Activity:
In the data that follows, find the line containing "line L0 (0, 41) -> (-40, 41) construction"; then quote that line and every line after it, exactly, through the last one.

Provided information:
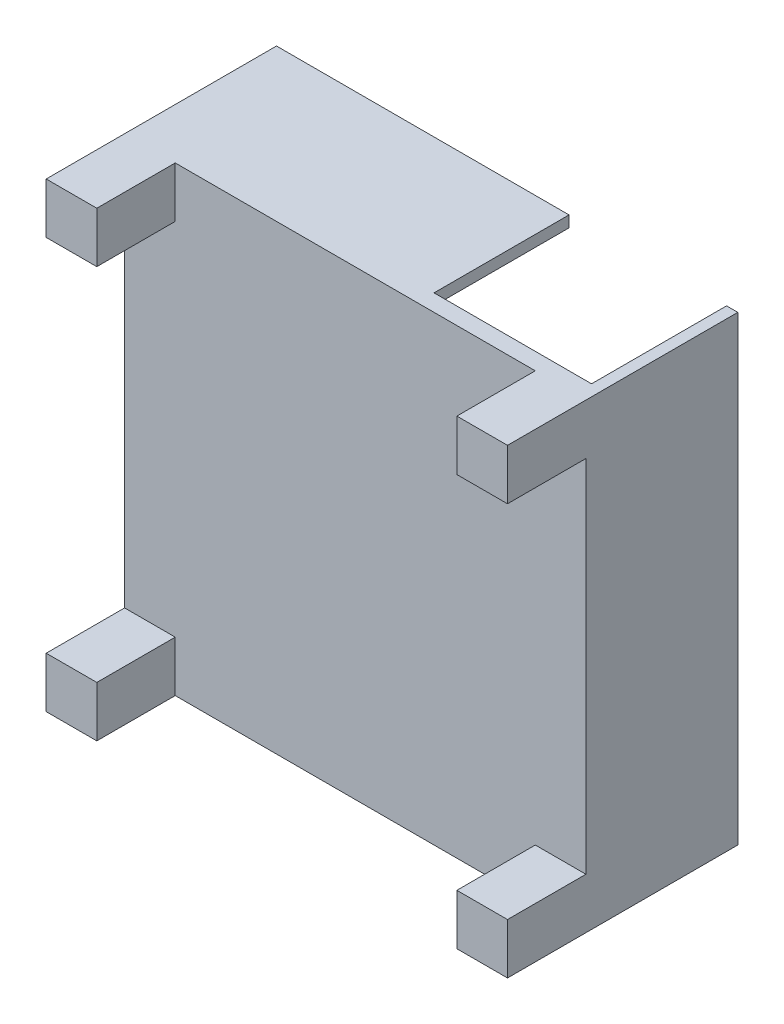
SolidWorks part; units mm, degrees
ref_plane "Piano frontale" through (0, 0, 0) normal (0, 0, 1) x (1, 0, 0)
ref_plane "Piano superiore" through (0, 0, 0) normal (0, 1, 0) x (1, 0, 0)
ref_plane "Piano destro" through (0, 0, 0) normal (1, 0, 0) x (0, 0, -1)
sketch "Schizzo1" plane through (0, 0, 0) normal (0, 0, 1) x (1, 0, 0)
  line L1 (0, 0) -> (41, 0)
  line L2 (0, 0) -> (0, 41)
  line L3 (0, 41) -> (41, 41)
  line L4 (41, 0) -> (41, 41)
  dimension "D1" = 41
  dimension "D2" = 41
extrude "Estrusione-Estrusione1" add sketch "Schizzo1" along normal blind 1.5 contours L1 L4 L3 L2
sketch "Schizzo5" plane through (0, 0, 1.5) normal (0, 0, 1) x (1, 0, 0)
  line L1 (0, 0) -> (4.5, 0)
  line L2 (0, 0) -> (0, 4.5)
  line L3 (0, 4.5) -> (4.5, 4.5)
  line L4 (4.5, 0) -> (4.5, 4.5)
  dimension "D1" = 4.5
  dimension "D2" = 4.5
extrude "Estrusione-Estrusione2" add sketch "Schizzo5" along normal blind 6.97
sketch "Schizzo6" plane through (0, 0, 1.5) normal (0, 0, 1) x (1, 0, 0)
  line L1 (41, 0) -> (36.5, 0)
  line L2 (41, 0) -> (41, 4.5)
  line L3 (41, 4.5) -> (36.5, 4.5)
  line L4 (36.5, 0) -> (36.5, 4.5)
  dimension "D1" = 4.5
  dimension "D2" = 4.5
extrude "Estrusione-Estrusione3" add sketch "Schizzo6" along normal blind 6.97
sketch "Schizzo7" plane through (0, 0, 1.5) normal (0, 0, 1) x (1, 0, 0)
  line L1 (0, 41) -> (4.5, 41)
  line L2 (0, 41) -> (0, 36.5)
  line L3 (0, 36.5) -> (4.5, 36.5)
  line L4 (4.5, 41) -> (4.5, 36.5)
  dimension "D1" = 4.5
  dimension "D2" = 4.5
extrude "Estrusione-Estrusione4" add sketch "Schizzo7" along normal blind 6.97
sketch "Schizzo8" plane through (0, 0, 1.5) normal (0, 0, 1) x (1, 0, 0)
  line L1 (41, 41) -> (36.5, 41)
  line L2 (41, 41) -> (41, 36.5)
  line L3 (41, 36.5) -> (36.5, 36.5)
  line L4 (36.5, 41) -> (36.5, 36.5)
  dimension "D1" = 4.5
  dimension "D2" = 4.5
extrude "Estrusione-Estrusione5" add sketch "Schizzo8" along normal blind 6.97
sketch "Schizzo9" plane through (0, 0, 0) normal (0, 0, -1) x (-1, 0, 0)
  line L0 (0, 0) -> (-41, 0) construction
  line L1 (-41, 41) -> (-40, 41)
  line L2 (-41, 41) -> (-41, 0)
  line L3 (-41, 0) -> (-40, 0)
  line L4 (-40, 41) -> (-40, 0)
  dimension "D1" = 1
  dimension "D2" = 41
extrude "Estrusione-Estrusione6" add sketch "Schizzo9" along normal blind 12
sketch "Schizzo10" plane through (0, 0, 0) normal (0, 0, -1) x (-1, 0, 0)
  line L0 (0, 41) -> (-40, 41) construction
  line L1 (-26, 41) -> (0, 41)
  line L2 (-26, 41) -> (-26, 40)
  line L3 (-26, 40) -> (0, 40)
  line L4 (0, 41) -> (0, 40)
  line L5 (0, 0) -> (0, 41) construction
  dimension "D1" = 26
  dimension "D2" = 1
extrude "Estrusione-Estrusione7" add sketch "Schizzo10" along normal blind 12

Answer for this exercise:
  line L0 (0, 41) -> (-40, 41) construction
  line L1 (-26, 41) -> (0, 41)
  line L2 (-26, 41) -> (-26, 40)
  line L3 (-26, 40) -> (0, 40)
  line L4 (0, 41) -> (0, 40)
  line L5 (0, 0) -> (0, 41) construction
  dimension "D1" = 26
  dimension "D2" = 1
extrude "Estrusione-Estrusione7" add sketch "Schizzo10" along normal blind 12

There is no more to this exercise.